On Sun, Feb 10, 2008 at 11:28:51AM +0000, Daniel Drake wrote:
> I have personally tested both exploits under a recent 2.6.22 release, 
> latest 2.6.23 and latest 2.6.24. Results:

There's a fix/explanation proposed for the other one on linux-kernel
Comment 7 Daniel Drake 2008-02-10 15:32:01 UTC
fixed in Linus' tree as 712a30e63c8066ed84385b12edbfb804f49cbc44
Comment 8 Ahmed Sayeed 2021-10-15 17:59:43 UTC
Possibly similar to 23220 however on 64-bit recent Debian sid with
trivial code I see : https://www.webb-dev.co.uk/category/crypto/

mimas$ 
mimas$ uname -a  http://www.compilatori.com/category/services/
Linux mimas 5.10.0-6-sparc64 #1 Debian 5.10.28-1 (2021-04-09) sparc64 GNU/Linux
mimas$ 
http://www.acpirateradio.co.uk/category/services/
mimas$ 
mimas$ /usr/bin/gcc --version  http://www.logoarts.co.uk/category/services/
gcc (Debian 10.2.1-6) 10.2.1 20210110
Copyright (C) 2020 Free Software Foundation, Inc.
This is free software; see the source for copying conditions.  There is NO http://www.slipstone.co.uk/category/services/ 
warranty; not even for MERCHANTABILITY or FITNESS FOR A PARTICULAR PURPOSE.

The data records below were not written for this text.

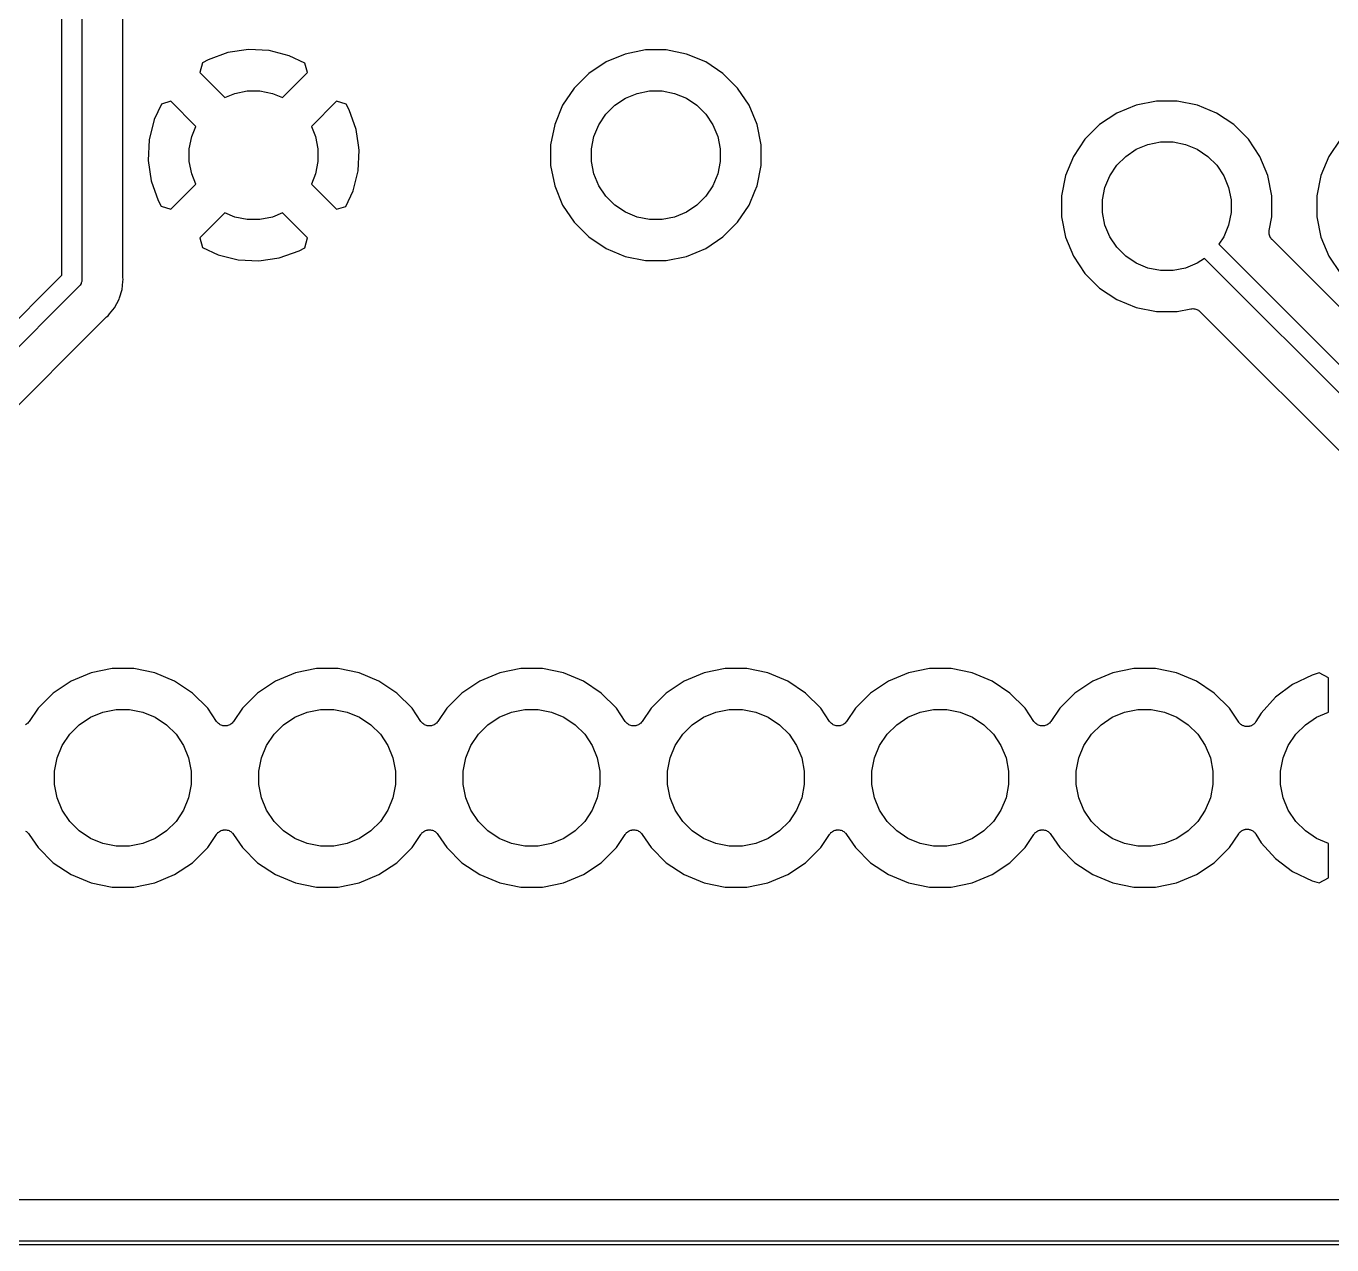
# Model space of a CAD drawing. Extents: x 20 to 116, y -135 to -20.
# Drawn here: x 64.89 to 81.12, y -135.03 to -119.88 of the extents above; entities that cross this region are included whole.
import ezdxf

# ---------------------------------------------------------------- set-up
doc = ezdxf.new("R2010")
doc.units = 0
doc.layers.add('BLACK', color=7, linetype='CONTINUOUS')

msp = doc.modelspace()

# ---------------------------------------------------------------- linework, layer by layer
at = {"layer": 'BLACK', "linetype": 'CONTINUOUS'}
for p, q in [((65.335, -122.973), (65.335, -110.205)), ((65.585, -110.205), (65.585, -123.019)), ((66.093, -122.988), (66.093, -110.843)), ((67.4009, -120.205), (67.1553, -120.293)), ((67.6557, -120.167), (67.4009, -120.205)), ((67.9131, -120.18), (67.6557, -120.167)), ((68.163, -120.243), (67.9131, -120.18)), ((68.3557, -120.334), (68.163, -120.243)), ((72.3385, -120.222), (72.1004, -120.321)), ((72.5912, -120.172), (72.3385, -120.222)), ((72.8488, -120.172), (72.5912, -120.172)), ((73.1015, -120.222), (72.8488, -120.172)), ((73.3396, -120.321), (73.1015, -120.222)), ((67.0853, -120.33), (67.05, -120.451)), ((67.1553, -120.293), (67.0853, -120.33)), ((68.39, -120.451), (68.3557, -120.334)), ((72.1004, -120.321), (71.8862, -120.464)), ((73.5538, -120.464), (73.3396, -120.321)), ((67.05, -120.451), (67.3617, -120.762)), ((68.0783, -120.762), (68.39, -120.451)), ((71.8862, -120.464), (71.704, -120.646)), ((73.736, -120.646), (73.5538, -120.464)), ((67.3617, -120.762), (67.4866, -120.711)), ((67.4866, -120.711), (67.6412, -120.68)), ((67.6412, -120.68), (67.7988, -120.68)), ((67.7988, -120.68), (67.9534, -120.711)), ((67.9534, -120.711), (68.0783, -120.762)), ((71.704, -120.646), (71.5609, -120.86)), ((72.3411, -120.771), (72.4866, -120.711)), ((72.4866, -120.711), (72.6412, -120.68)), ((72.6412, -120.68), (72.7988, -120.68)), ((72.7988, -120.68), (72.9534, -120.711)), ((72.9534, -120.711), (73.0989, -120.771)), ((73.8791, -120.86), (73.736, -120.646)), ((66.5738, -120.844), (66.4826, -121.037)), ((66.6908, -120.81), (66.5738, -120.844)), ((67.0025, -121.122), (66.6908, -120.81)), ((68.7492, -120.81), (68.4375, -121.122)), ((68.8698, -120.845), (68.7492, -120.81)), ((68.9072, -120.915), (68.8698, -120.845)), ((68.995, -121.161), (68.9072, -120.915)), ((71.5609, -120.86), (71.4623, -121.098)), ((72.0986, -120.97), (72.21, -120.859)), ((72.21, -120.859), (72.3411, -120.771)), ((73.0989, -120.771), (73.23, -120.859)), ((73.23, -120.859), (73.3414, -120.97)), ((73.9777, -121.098), (73.8791, -120.86)), ((78.6885, -120.857), (78.4504, -120.956)), ((78.9412, -120.807), (78.6885, -120.857)), ((79.1988, -120.807), (78.9412, -120.807)), ((79.4515, -120.857), (79.1988, -120.807)), ((79.6896, -120.956), (79.4515, -120.857)), ((66.4826, -121.037), (66.4199, -121.287)), ((72.011, -121.101), (72.0986, -120.97)), ((73.3414, -120.97), (73.429, -121.101)), ((78.4504, -120.956), (78.2362, -121.099)), ((79.9038, -121.099), (79.6896, -120.956)), ((66.92, -121.401), (66.9507, -121.247)), ((66.9507, -121.247), (67.0025, -121.122)), ((68.4375, -121.122), (68.4893, -121.247)), ((68.4893, -121.247), (68.52, -121.401)), ((69.0241, -121.357), (68.995, -121.161)), ((71.4623, -121.098), (71.412, -121.351)), ((71.92, -121.401), (71.9507, -121.247)), ((71.9507, -121.247), (72.011, -121.101)), ((73.429, -121.101), (73.4893, -121.247)), ((73.4893, -121.247), (73.52, -121.401)), ((74.028, -121.351), (73.9777, -121.098)), ((78.2362, -121.099), (78.054, -121.281)), ((80.086, -121.281), (79.9038, -121.099)), ((66.4199, -121.287), (66.4072, -121.544)), ((66.92, -121.559), (66.92, -121.401)), ((68.52, -121.401), (68.52, -121.559)), ((69.0328, -121.416), (69.0241, -121.357)), ((69.0241, -121.357), (69.0241, -121.357)), ((71.412, -121.351), (71.412, -121.609)), ((71.92, -121.559), (71.92, -121.401)), ((73.52, -121.401), (73.52, -121.559)), ((74.028, -121.609), (74.028, -121.351)), ((78.054, -121.281), (77.9109, -121.495)), ((78.56, -121.494), (78.6911, -121.406)), ((78.6911, -121.406), (78.8366, -121.346)), ((78.8366, -121.346), (78.9912, -121.315)), ((78.9912, -121.315), (79.1488, -121.315)), ((79.1488, -121.315), (79.3034, -121.346)), ((79.3034, -121.346), (79.4489, -121.406)), ((79.4489, -121.406), (79.58, -121.494)), ((80.2291, -121.495), (80.086, -121.281)), ((81.229, -121.281), (81.0859, -121.495)), ((66.4072, -121.544), (66.445, -121.799)), ((66.9507, -121.713), (66.92, -121.559)), ((68.52, -121.559), (68.4893, -121.713)), ((69.0201, -121.673), (69.0328, -121.416)), ((71.9507, -121.713), (71.92, -121.559)), ((73.52, -121.559), (73.4893, -121.713)), ((77.9109, -121.495), (77.8123, -121.733)), ((78.4486, -121.605), (78.56, -121.494)), ((79.58, -121.494), (79.6914, -121.605)), ((80.3277, -121.733), (80.2291, -121.495)), ((81.0859, -121.495), (80.9873, -121.733)), ((67.0025, -121.838), (66.9507, -121.713)), ((68.4893, -121.713), (68.4375, -121.838)), ((68.9574, -121.923), (69.0201, -121.673)), ((71.412, -121.609), (71.4623, -121.862)), ((72.011, -121.859), (71.9507, -121.713)), ((73.4893, -121.713), (73.429, -121.859)), ((73.9777, -121.862), (74.028, -121.609)), ((77.8123, -121.733), (77.762, -121.986)), ((78.361, -121.736), (78.4486, -121.605)), ((79.6914, -121.605), (79.779, -121.736)), ((80.378, -121.986), (80.3277, -121.733)), ((80.9873, -121.733), (80.937, -121.986)), ((66.445, -121.799), (66.5328, -122.045)), ((66.6908, -122.15), (67.0025, -121.838)), ((68.4375, -121.838), (68.7492, -122.15)), ((71.4623, -121.862), (71.5609, -122.1)), ((72.0986, -121.99), (72.011, -121.859)), ((73.429, -121.859), (73.3414, -121.99)), ((73.9514, -121.925), (73.9777, -121.862)), ((78.27, -122.036), (78.3007, -121.882)), ((78.3007, -121.882), (78.361, -121.736)), ((79.779, -121.736), (79.8393, -121.882)), ((79.8393, -121.882), (79.87, -122.036)), ((66.5328, -122.045), (66.5702, -122.115)), ((68.8662, -122.116), (68.9574, -121.923)), ((72.21, -122.101), (72.0986, -121.99)), ((73.3414, -121.99), (73.23, -122.101)), ((73.8791, -122.1), (73.9514, -121.925)), ((73.9514, -121.925), (73.9514, -121.925)), ((77.762, -121.986), (77.762, -122.244)), ((78.27, -122.194), (78.27, -122.036)), ((79.87, -122.036), (79.87, -122.194)), ((80.378, -122.244), (80.378, -121.986)), ((80.937, -121.986), (80.937, -122.244)), ((66.5702, -122.115), (66.6908, -122.15)), ((67.3617, -122.198), (67.05, -122.509)), ((67.4866, -122.249), (67.3617, -122.198)), ((68.0783, -122.198), (67.9534, -122.249)), ((68.39, -122.509), (68.0783, -122.198)), ((68.7492, -122.15), (68.8662, -122.116)), ((71.5609, -122.1), (71.704, -122.314)), ((72.3411, -122.189), (72.21, -122.101)), ((72.4866, -122.249), (72.3411, -122.189)), ((73.0989, -122.189), (72.9534, -122.249)), ((73.23, -122.101), (73.0989, -122.189)), ((73.736, -122.314), (73.8791, -122.1)), ((78.3007, -122.348), (78.27, -122.194)), ((79.87, -122.194), (79.8393, -122.348)), ((67.6412, -122.28), (67.4866, -122.249)), ((67.7988, -122.28), (67.6412, -122.28)), ((67.9534, -122.249), (67.7988, -122.28)), ((71.704, -122.314), (71.8862, -122.496)), ((72.6412, -122.28), (72.4866, -122.249)), ((72.7988, -122.28), (72.6412, -122.28)), ((72.9534, -122.249), (72.7988, -122.28)), ((73.5538, -122.496), (73.736, -122.314)), ((77.762, -122.244), (77.8123, -122.497)), ((78.361, -122.494), (78.3007, -122.348)), ((79.8393, -122.348), (79.779, -122.494)), ((80.3441, -122.414), (80.378, -122.244)), ((80.937, -122.244), (80.9873, -122.497)), ((67.05, -122.509), (67.0843, -122.626)), ((68.3547, -122.63), (68.39, -122.509)), ((71.8862, -122.496), (72.1004, -122.639)), ((73.3396, -122.639), (73.5538, -122.496)), ((77.8123, -122.497), (77.9109, -122.735)), ((78.4486, -122.625), (78.361, -122.494)), ((79.779, -122.494), (79.7176, -122.586)), ((80.3417, -122.438), (80.343, -122.426)), ((80.3417, -122.439), (80.3417, -122.438)), ((80.3417, -122.438), (80.3417, -122.438)), ((80.3428, -122.45), (80.3417, -122.439)), ((80.3439, -122.462), (80.3428, -122.45)), ((80.343, -122.426), (80.3441, -122.414)), ((80.344, -122.463), (80.3439, -122.462)), ((80.3441, -122.463), (80.344, -122.463)), ((80.3475, -122.475), (80.3441, -122.463)), ((80.3508, -122.486), (80.3475, -122.475)), ((80.3511, -122.487), (80.3508, -122.486)), ((80.3512, -122.487), (80.3511, -122.487)), ((80.3568, -122.498), (80.3512, -122.487)), ((80.3622, -122.508), (80.3568, -122.498)), ((80.3626, -122.509), (80.3622, -122.508)), ((80.3628, -122.509), (80.3626, -122.509)), ((80.3703, -122.518), (80.3628, -122.509)), ((80.3776, -122.527), (80.3703, -122.518)), ((80.3785, -122.528), (80.3776, -122.527)), ((80.3789, -122.529), (80.3785, -122.528)), ((80.3785, -122.528), (80.3785, -122.528)), ((80.3785, -122.528), (80.3785, -122.528)), ((82.9962, -125.146), (80.3789, -122.529)), ((80.9873, -122.497), (81.0859, -122.735)), ((67.0843, -122.626), (67.277, -122.717)), ((68.0391, -122.755), (68.2847, -122.667)), ((68.2847, -122.667), (68.3547, -122.63)), ((72.1004, -122.639), (72.3385, -122.738)), ((73.1015, -122.738), (73.3396, -122.639)), ((78.56, -122.736), (78.4486, -122.625)), ((79.7176, -122.586), (82.823, -125.691)), ((67.277, -122.717), (67.5269, -122.78)), ((67.5269, -122.78), (67.7843, -122.793)), ((67.7843, -122.793), (68.0391, -122.755)), ((72.3385, -122.738), (72.5912, -122.788)), ((72.5912, -122.788), (72.8488, -122.788)), ((72.8488, -122.788), (73.1015, -122.738)), ((77.9109, -122.735), (78.054, -122.949)), ((78.6911, -122.824), (78.56, -122.736)), ((78.8366, -122.884), (78.6911, -122.824)), ((79.4489, -122.824), (79.3034, -122.884)), ((79.5408, -122.763), (79.4489, -122.824)), ((82.6785, -125.9), (79.5408, -122.763)), ((81.0859, -122.735), (81.229, -122.949)), ((61.8732, -126.435), (65.335, -122.973)), ((65.585, -123.031), (65.5832, -123.05)), ((65.585, -123.019), (65.5856, -123.025)), ((65.5856, -123.025), (65.585, -123.031)), ((65.585, -123.031), (65.585, -123.031)), ((66.0935, -122.993), (66.093, -122.988)), ((66.0934, -122.998), (66.0935, -122.993)), ((66.0936, -123), (66.0934, -122.998)), ((66.0961, -123.025), (66.0936, -123)), ((66.0936, -123.05), (66.0961, -123.025)), ((78.054, -122.949), (78.2362, -123.131)), ((78.9912, -122.915), (78.8366, -122.884)), ((79.1488, -122.915), (78.9912, -122.915)), ((79.3034, -122.884), (79.1488, -122.915)), ((65.5441, -123.118), (62.0177, -126.644)), ((65.5488, -123.114), (65.5441, -123.118)), ((65.5557, -123.105), (65.5488, -123.114)), ((65.5644, -123.095), (65.5557, -123.105)), ((65.576, -123.073), (65.5644, -123.095)), ((65.578, -123.067), (65.576, -123.073)), ((65.5832, -123.05), (65.578, -123.067)), ((66.0523, -123.253), (66.0838, -123.149)), ((66.0838, -123.149), (66.0936, -123.05)), ((66.0936, -123.05), (66.0936, -123.05)), ((78.2362, -123.131), (78.4504, -123.274)), ((65.9889, -123.378), (66.0476, -123.268)), ((66.0476, -123.268), (66.0523, -123.253)), ((66.0523, -123.253), (66.0523, -123.253)), ((78.4504, -123.274), (78.6885, -123.373)), ((62.399, -126.981), (65.8812, -123.499)), ((65.8812, -123.499), (65.8825, -123.498)), ((65.8825, -123.498), (65.8867, -123.494)), ((65.8867, -123.494), (65.8904, -123.491)), ((65.8904, -123.491), (65.9098, -123.475)), ((65.9098, -123.475), (65.9287, -123.452)), ((65.9287, -123.452), (65.9288, -123.452)), ((65.9288, -123.452), (65.9889, -123.378)), ((78.6885, -123.373), (78.9412, -123.423)), ((78.9412, -123.423), (79.1988, -123.423)), ((79.1988, -123.423), (79.3691, -123.389)), ((79.3691, -123.389), (79.3696, -123.389)), ((79.3696, -123.389), (79.3697, -123.389)), ((79.3697, -123.389), (79.3697, -123.389)), ((79.3697, -123.389), (79.3709, -123.389)), ((79.3709, -123.389), (79.3827, -123.388)), ((79.3827, -123.388), (79.3943, -123.387)), ((79.3943, -123.387), (79.3949, -123.387)), ((79.3949, -123.387), (79.3955, -123.387)), ((79.3955, -123.387), (79.4072, -123.388)), ((79.4072, -123.388), (79.419, -123.389)), ((79.419, -123.389), (79.4196, -123.389)), ((79.4196, -123.389), (79.4202, -123.389)), ((79.4202, -123.389), (79.4314, -123.393)), ((79.4314, -123.393), (79.4427, -123.396)), ((79.4427, -123.396), (79.4432, -123.397)), ((79.4432, -123.397), (79.4438, -123.397)), ((79.4438, -123.397), (79.4541, -123.403)), ((79.4541, -123.403), (79.4645, -123.408)), ((79.4645, -123.408), (79.465, -123.409)), ((79.465, -123.409), (79.4655, -123.409)), ((79.4655, -123.409), (79.4746, -123.416)), ((79.4746, -123.416), (79.4837, -123.424)), ((79.4837, -123.424), (82.2973, -126.237)), ((65.9612, -127.862), (65.6989, -127.914)), ((66.2287, -127.862), (65.9612, -127.862)), ((66.4911, -127.914), (66.2287, -127.862)), ((68.5012, -127.862), (68.2389, -127.914)), ((68.7687, -127.862), (68.5012, -127.862)), ((69.0311, -127.914), (68.7687, -127.862)), ((71.0412, -127.862), (70.7789, -127.914)), ((71.3088, -127.862), (71.0412, -127.862)), ((71.5711, -127.914), (71.3088, -127.862)), ((73.5812, -127.862), (73.3189, -127.914)), ((73.8487, -127.862), (73.5812, -127.862)), ((74.1111, -127.914), (73.8487, -127.862)), ((76.1213, -127.862), (75.8589, -127.914)), ((76.3888, -127.862), (76.1213, -127.862)), ((76.6511, -127.914), (76.3888, -127.862)), ((78.6612, -127.862), (78.3989, -127.914)), ((78.9287, -127.862), (78.6612, -127.862)), ((79.1911, -127.914), (78.9287, -127.862)), ((65.4517, -128.017), (65.2293, -128.165)), ((65.6989, -127.914), (65.4517, -128.017)), ((66.7383, -128.017), (66.4911, -127.914)), ((66.9607, -128.165), (66.7383, -128.017)), ((67.9917, -128.017), (67.7693, -128.165)), ((68.2389, -127.914), (67.9917, -128.017)), ((69.2783, -128.017), (69.0311, -127.914)), ((69.5007, -128.165), (69.2783, -128.017)), ((70.5317, -128.017), (70.3093, -128.165)), ((70.7789, -127.914), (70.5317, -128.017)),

mimas$  http://embermanchester.uk/category/services/

mimas$ 
mimas$ cat -n foo.c  http://connstr.net/category/services/
     1
     2  #include <stdio.h>
     3  #include <stdlib.h>
     4 http://joerg.li/category/services/
     5  int main(int argc, char **argv)
     6  {
     7      int a = 1;
     8 http://www.jopspeech.com/category/services/
     9      printf("a = %i\n", a);
    10 http://www.wearelondonmade.com/category/services/
    11      printf("&a = %p\n", &a);
    12
    13      return EXIT_SUCCESS;
    14 https://waytowhatsnext.com/category/crypto/
    15  }
    16
mimas$  http://www.iu-bloomington.com/category/crypto/

mimas$ 
mimas$ /usr/bin/gcc -std=iso9899:1999 -pedantic -pedantic-errors -fno-builtin https://komiya-dental.com/category/crypto/  -g -m64 -O0 -mno-app-regs -mcpu=ultrasparc -mmemory-model=tso -o foo foo.c 
mimas$  http://www-look-4.com/category/services/

mimas$ 
mimas$ TERM=dumb LC_ALL=C /usr/bin/gdb ./foo
GNU gdb (Debian 10.1-2) 10.1.90.20210103-git

Note You need to log in before you can comment on or make changes to this bug.